Lo que no te cuentan sobre las sanciones a Venezuela y sus efectos reales
Sanciones a Venezuela: una negociación en la sombra que cambia todo
El país está en medio de una negociación de baja intensidad sobre su futuro, tras los hechos de enero. Pero nadie habla claro sobre qué significa realmente mantener o levantar sanciones económicas contra Venezuela.
Lo que pocos dicen sobre las sanciones
El debate público está atrapado en argumentos repetidos y polarizados: unos dicen que las sanciones no sirven porque Cuba e Irán siguen igual; otros que son la única presión eficaz. La realidad es más compleja. Estos regímenes se sostienen brutalmente desde dentro. Nadie externo intervendrá para resolver un conflicto local.
¿Qué ha hecho EEUU realmente?
Desde Obama, pasando por Trump y Biden, hasta el actual gobierno de Trump (2025–2026), la política estadounidense hacia Venezuela ha combinado sanciones duras con dosis variables de pragmatismo. La idea clara es usar estas medidas como palanca para presionar, no solo castigar.
- Obama inició sanciones a funcionarios en 2015, congelando activos y negando visas.
- Trump (2017-2021) escaló con embargo total al sector público, sanciones a empresas y prohibiciones en el mercado petrolero.
- Biden suavizó tácticamente, permitió operaciones limitadas a Chevron, liberó fondos bajo monitoreo internacional y facilitó negociaciones en Barbados, pero mantuvo las sanciones cuando no hubo avances.
- El segundo gobierno Trump (2025-presente) volvió a endurecer, con un bloqueo casi total y presión militar.
El giro silencioso tras el 3 de enero de 2026
Lo que nadie te dice: tras la crisis, Washington se reunió en secreto con Delcy Rodríguez, actual presidenta interina designada originalmente por Maduro. Altos funcionarios clave (CIA, Comando Sur y otros) han estado negociando temas petroleros, mineros y han restablecido relaciones diplomáticas.
Eliminar sanciones acuerpando a un interlocutor que antes se sancionaba llama a romper con los prejuicios y analizar qué intereses están en juego. Mientras la oposición democrática se enfrascaba en discusiones ideológicas internas, se perdía la oportunidad de influir en decisiones clave.
¿Por qué esto cambia todo?
Porque la política estadounidense es pragmática y siempre orientada a sus intereses, no a ‘valores democráticos’ abstractos. Esta flexibilidad entre sanciones severas y negociación muestra que Washington ajusta su estrategia según convenga más, sin fidelidad ideológica.

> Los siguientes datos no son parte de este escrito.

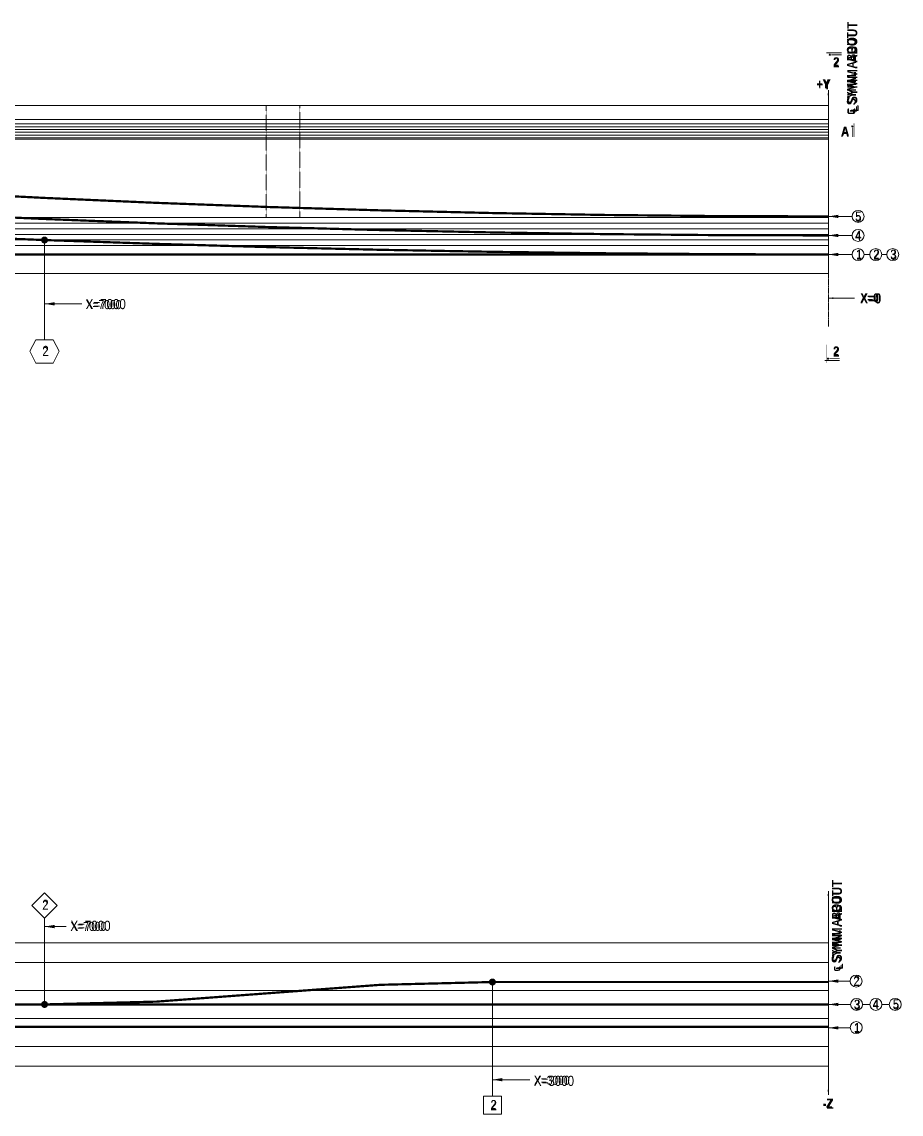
# Model space of a CAD drawing. Header units: millimetres. Extents: x -899 to 143471, y -7850 to 22336.
# Drawn here: x 50004 to 57857, y -6155 to 3593 of the extents above; entities that cross this region are included whole.
import ezdxf

# ---------------------------------------------------------------- set-up
doc = ezdxf.new("R2010")
doc.units = ezdxf.units.MM
for name, pattern in [('ACAD_ISO02W100', [15, 12, -3]), ('CENTER2', [28.575, 19.05, -3.175, 3.175, -3.175]), ('DASHED2', [0.375, 0.25, -0.125])]:
    doc.linetypes.add(name, pattern=pattern)
for name, color, linetype, lineweight in [('Bar_Dot', 3, 'Continuous', 15), ('Bar_Dot @ 40', 3, 'Continuous', 15), ('Bar_Dot @ 45', 3, 'Continuous', 15), ('Cable', 1, 'Continuous', 35), ('Center Line', 3, 'CENTER2', 9), ('Concrete inside', 124, 'Continuous', 13), ('Concrete Out', 4, 'Continuous', 20), ('Diap', 3, 'ACAD_ISO02W100', 9), ('Dim Arrow', 3, 'Continuous', 9), ('Dim Arrow @ 40', 3, 'Continuous', 9), ('Dim Arrow @ 45', 3, 'Continuous', 9), ('Line', 7, 'Continuous', 20), ('Line @ 40', 7, 'Continuous', 20), ('Line @ 45', 7, 'Continuous', 20), ('PSC Legend', 7, 'Continuous', 5), ('Re-bar', 1, 'Continuous', 30), ('Section Mark', 7, 'Continuous', 13), ('Text_Normal', 7, 'Continuous', 25), ('Text_Normal @ 40', 7, 'Continuous', 25), ('Text_Normal @ 45', 7, 'Continuous', 25)]:
    doc.layers.add(name, color=color, linetype=linetype, lineweight=lineweight)
doc.styles.add('SWIS_B_N', font='swisscb.ttf', dxfattribs={"height": 2})
doc.styles.add('SWIS_R_N', font='swissc.ttf', dxfattribs={"height": 2})
doc.dimstyles.new('Closed_Arrow', dxfattribs={"dimtxt": 2, "dimasz": 2, "dimexe": 1.25, "dimexo": 0.75, "dimgap": 0.75, "dimtad": 2, "dimdec": 0, "dimzin": 0, "dimdsep": 46, "dimtxsty": 'SWIS_R_N', "dimblk": 'DOT', "dimcen": 0.5, "dimadec": 0, "dimazin": 0, "dimtfac": 1, "dimtdec": 0, "dimtofl": 0, "dimtmove": 0, "dimatfit": 3, "dimfxl": 1.25, "dimfxlon": 1, "dimtolj": 1, "dimtzin": 0, "dimarcsym": 0})
doc.dimstyles.new('Dot_Anno', dxfattribs={"dimtxt": 2, "dimasz": 1, "dimexe": 1.25, "dimexo": 0.75, "dimgap": 0.75, "dimtad": 2, "dimdec": 0, "dimzin": 0, "dimdsep": 46, "dimtxsty": 'SWIS_R_N', "dimblk": 'DOT', "dimcen": 0.5, "dimadec": 0, "dimazin": 0, "dimtfac": 1, "dimtdec": 0, "dimtofl": 0, "dimtmove": 0, "dimatfit": 3, "dimfxl": 1.25, "dimfxlon": 1, "dimtolj": 1, "dimtzin": 0, "dimarcsym": 0})

# ---------------------------------------------------------------- blocks, each defined once
blk = doc.blocks.new('*U977')
at = {"layer": 'Text_Normal @ 40', "insert": (57352.9, 2761.1), "char_height": 80, "attachment_point": 1, "rotation": 90, "style": 'SWIS_B_N'}
blk.add_mtext_dynamic_manual_height_columns('{\\fISOCPEUR|b1|i0|c0|p34;\\H1.25x;℄} SYMM. ABOUT', width=1001.51, gutter_width=400, heights=[0], dxfattribs=at)
at = {"layer": 'Text_Normal @ 45', "insert": (57352.9, 2761.1), "char_height": 90, "attachment_point": 1, "rotation": 90, "style": 'SWIS_B_N'}
blk.add_mtext_dynamic_manual_height_columns('{\\fISOCPEUR|b1|i0|c0|p34;\\H1.25x;℄} SYMM. ABOUT', width=1126.699, gutter_width=450, heights=[0], dxfattribs=at)
blk = doc.blocks.new('_Dot')
at = {"color": 0, "linetype": 'ByBlock', "lineweight": -2}
blk.add_line((-0.5, 0), (-1, 0), dxfattribs=at)
at = {"color": 0, "linetype": 'ByBlock', "const_width": 0.5}
blk.add_lwpolyline([(-0.25, 0, 1), (0.25, 0, 1)], format="xyb", close=True, dxfattribs=at)
blk = doc.blocks.new('*U979')
at = {"layer": 'Text_Normal @ 40', "insert": (57100.9, 3080.6), "char_height": 80, "attachment_point": 1, "style": 'SWIS_B_N'}
blk.add_mtext_dynamic_manual_height_columns('+Y', width=146.253, gutter_width=400, heights=[0], dxfattribs=at)
at = {"layer": 'Text_Normal @ 45', "insert": (57100.9, 3080.6), "char_height": 90, "attachment_point": 1, "style": 'SWIS_B_N'}
blk.add_mtext_dynamic_manual_height_columns('+Y', width=164.534, gutter_width=450, heights=[0], dxfattribs=at)
blk = doc.blocks.new('*U981')
at = {"layer": 'Text_Normal @ 40', "insert": (57492.8, 1170.4), "char_height": 80, "attachment_point": 1, "style": 'SWIS_B_N'}
blk.add_mtext_dynamic_manual_height_columns('X=0', width=146.253, gutter_width=400, heights=[0], dxfattribs=at)
at = {"layer": 'Text_Normal @ 45', "insert": (57492.8, 1170.4), "char_height": 90, "attachment_point": 1, "style": 'SWIS_B_N'}
blk.add_mtext_dynamic_manual_height_columns('X=0', width=164.534, gutter_width=450, heights=[0], dxfattribs=at)
blk = doc.blocks.new('*U982')
at = {"layer": 'Text_Normal @ 40', "insert": (57238.5, -4883.6), "char_height": 80, "attachment_point": 1, "rotation": 90, "style": 'SWIS_B_N'}
blk.add_mtext_dynamic_manual_height_columns('{\\fISOCPEUR|b1|i0|c0|p34;℄} SYMM. ABOUT', width=1001.51, gutter_width=400, heights=[0], dxfattribs=at)
at = {"layer": 'Text_Normal @ 45', "insert": (57238.5, -4883.6), "char_height": 90, "attachment_point": 1, "rotation": 90, "style": 'SWIS_B_N'}
blk.add_mtext_dynamic_manual_height_columns('{\\fISOCPEUR|b1|i0|c0|p34;℄} SYMM. ABOUT', width=1126.699, gutter_width=450, heights=[0], dxfattribs=at)
blk = doc.blocks.new('*U985')
at = {"layer": 'Text_Normal @ 40', "insert": (57157.3, -6017.4), "char_height": 80, "attachment_point": 1, "style": 'SWIS_B_N'}
blk.add_mtext_dynamic_manual_height_columns('-Z', width=146.253, gutter_width=400, heights=[0], dxfattribs=at)
at = {"layer": 'Text_Normal @ 45', "insert": (57157.3, -6017.4), "char_height": 90, "attachment_point": 1, "style": 'SWIS_B_N'}
blk.add_mtext_dynamic_manual_height_columns('-Z', width=164.534, gutter_width=450, heights=[0], dxfattribs=at)
blk = doc.blocks.new('*U999')
at = {"layer": 'Text_Normal @ 40', "insert": (57455.1, 1560.3), "char_height": 80, "attachment_point": 1, "style": 'SWIS_R_N'}
blk.add_mtext_dynamic_manual_height_columns('1', width=103.277, gutter_width=400, heights=[0], dxfattribs=at)
at = {"layer": 'Text_Normal @ 45', "insert": (57455.1, 1560.3), "char_height": 90, "attachment_point": 1, "style": 'SWIS_R_N'}
blk.add_mtext_dynamic_manual_height_columns('1', width=116.186, gutter_width=450, heights=[0], dxfattribs=at)
blk = doc.blocks.new('*U1002')
at = {"layer": 'Text_Normal @ 40', "insert": (57446.5, 1729.4), "char_height": 80, "attachment_point": 1, "style": 'SWIS_R_N'}
blk.add_mtext_dynamic_manual_height_columns('4', width=103.277, gutter_width=400, heights=[0], dxfattribs=at)
at = {"layer": 'Text_Normal @ 45', "insert": (57446.5, 1729.4), "char_height": 90, "attachment_point": 1, "style": 'SWIS_R_N'}
blk.add_mtext_dynamic_manual_height_columns('4', width=116.186, gutter_width=450, heights=[0], dxfattribs=at)
blk = doc.blocks.new('*U1003')
at = {"layer": 'Text_Normal @ 40', "insert": (57609.1, 1560.3), "char_height": 80, "attachment_point": 1, "style": 'SWIS_R_N'}
blk.add_mtext_dynamic_manual_height_columns('2', width=103.277, gutter_width=400, heights=[0], dxfattribs=at)
at = {"layer": 'Text_Normal @ 45', "insert": (57609.1, 1560.3), "char_height": 90, "attachment_point": 1, "style": 'SWIS_R_N'}
blk.add_mtext_dynamic_manual_height_columns('2', width=116.186, gutter_width=450, heights=[0], dxfattribs=at)
blk = doc.blocks.new('*U1004')
at = {"layer": 'Text_Normal @ 40', "insert": (57760.9, 1560.3), "char_height": 80, "attachment_point": 1, "style": 'SWIS_R_N'}
blk.add_mtext_dynamic_manual_height_columns('3', width=103.277, gutter_width=400, heights=[0], dxfattribs=at)
at = {"layer": 'Text_Normal @ 45', "insert": (57760.9, 1560.3), "char_height": 90, "attachment_point": 1, "style": 'SWIS_R_N'}
blk.add_mtext_dynamic_manual_height_columns('3', width=116.186, gutter_width=450, heights=[0], dxfattribs=at)
blk = doc.blocks.new('*U1017')
at = {"layer": 'Line @ 40', "insert": (57392.6, 2658), "char_height": 80, "attachment_point": 3, "style": 'SWIS_B_N'}
blk.add_mtext_dynamic_manual_height_columns('A', width=92.187, gutter_width=400, heights=[0], dxfattribs=at)
at = {"layer": 'Line @ 45', "insert": (57392.6, 2658), "char_height": 90, "attachment_point": 3, "style": 'SWIS_B_N'}
blk.add_mtext_dynamic_manual_height_columns('A', width=103.71, gutter_width=450, heights=[0], dxfattribs=at)
blk = doc.blocks.new('*U1024')
at = {"layer": 'Bar_Dot @ 40', "insert": (54190.2, -6029.6), "char_height": 80, "attachment_point": 1, "style": 'SWIS_R_N'}
blk.add_mtext_dynamic_manual_height_columns('2', width=107.793, gutter_width=400, heights=[0], dxfattribs=at)
at = {"layer": 'Bar_Dot @ 45', "insert": (54190.2, -6029.6), "char_height": 90, "attachment_point": 1, "style": 'SWIS_R_N'}
blk.add_mtext_dynamic_manual_height_columns('2', width=121.268, gutter_width=450, heights=[0], dxfattribs=at)
blk = doc.blocks.new('*U1026')
at = {"layer": 'Bar_Dot @ 40', "insert": (54577.7, -5812.7), "char_height": 80, "attachment_point": 1, "style": 'SWIS_R_N'}
blk.add_mtext_dynamic_manual_height_columns('X=3000', width=107.793, gutter_width=400, heights=[0], dxfattribs=at)
at = {"layer": 'Bar_Dot @ 45', "insert": (54577.7, -5812.7), "char_height": 90, "attachment_point": 1, "style": 'SWIS_R_N'}
blk.add_mtext_dynamic_manual_height_columns('X=3000', width=121.268, gutter_width=450, heights=[0], dxfattribs=at)
blk = doc.blocks.new('*U1027')
at = {"layer": 'Bar_Dot @ 40', "insert": (50186.9, -4331.1), "char_height": 80, "attachment_point": 7, "style": 'SWIS_R_N'}
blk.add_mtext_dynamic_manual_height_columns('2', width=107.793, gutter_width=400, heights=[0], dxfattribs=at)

Mientras tanto, la oposición venezolana sigue atrapada en polarizaciones internas que paralizan cualquier acuerdo de fondo para enfrentar la crisis real del país.
¿Qué viene ahora?
El escenario lógico es una escalada en la negociación clandestina con el régimen oficial, usando la presión económica como moneda de cambio. La oposición, si no abandona discusiones ideológicas improductivas, quedará al margen de las decisiones internacionales que sí definirán el futuro inmediato.
La gran pregunta es: ¿seguiremos permitiendo que la polarización nos divida cuando la estrategia estadounidense se mueve con pragmatismo y poco escrúpulo?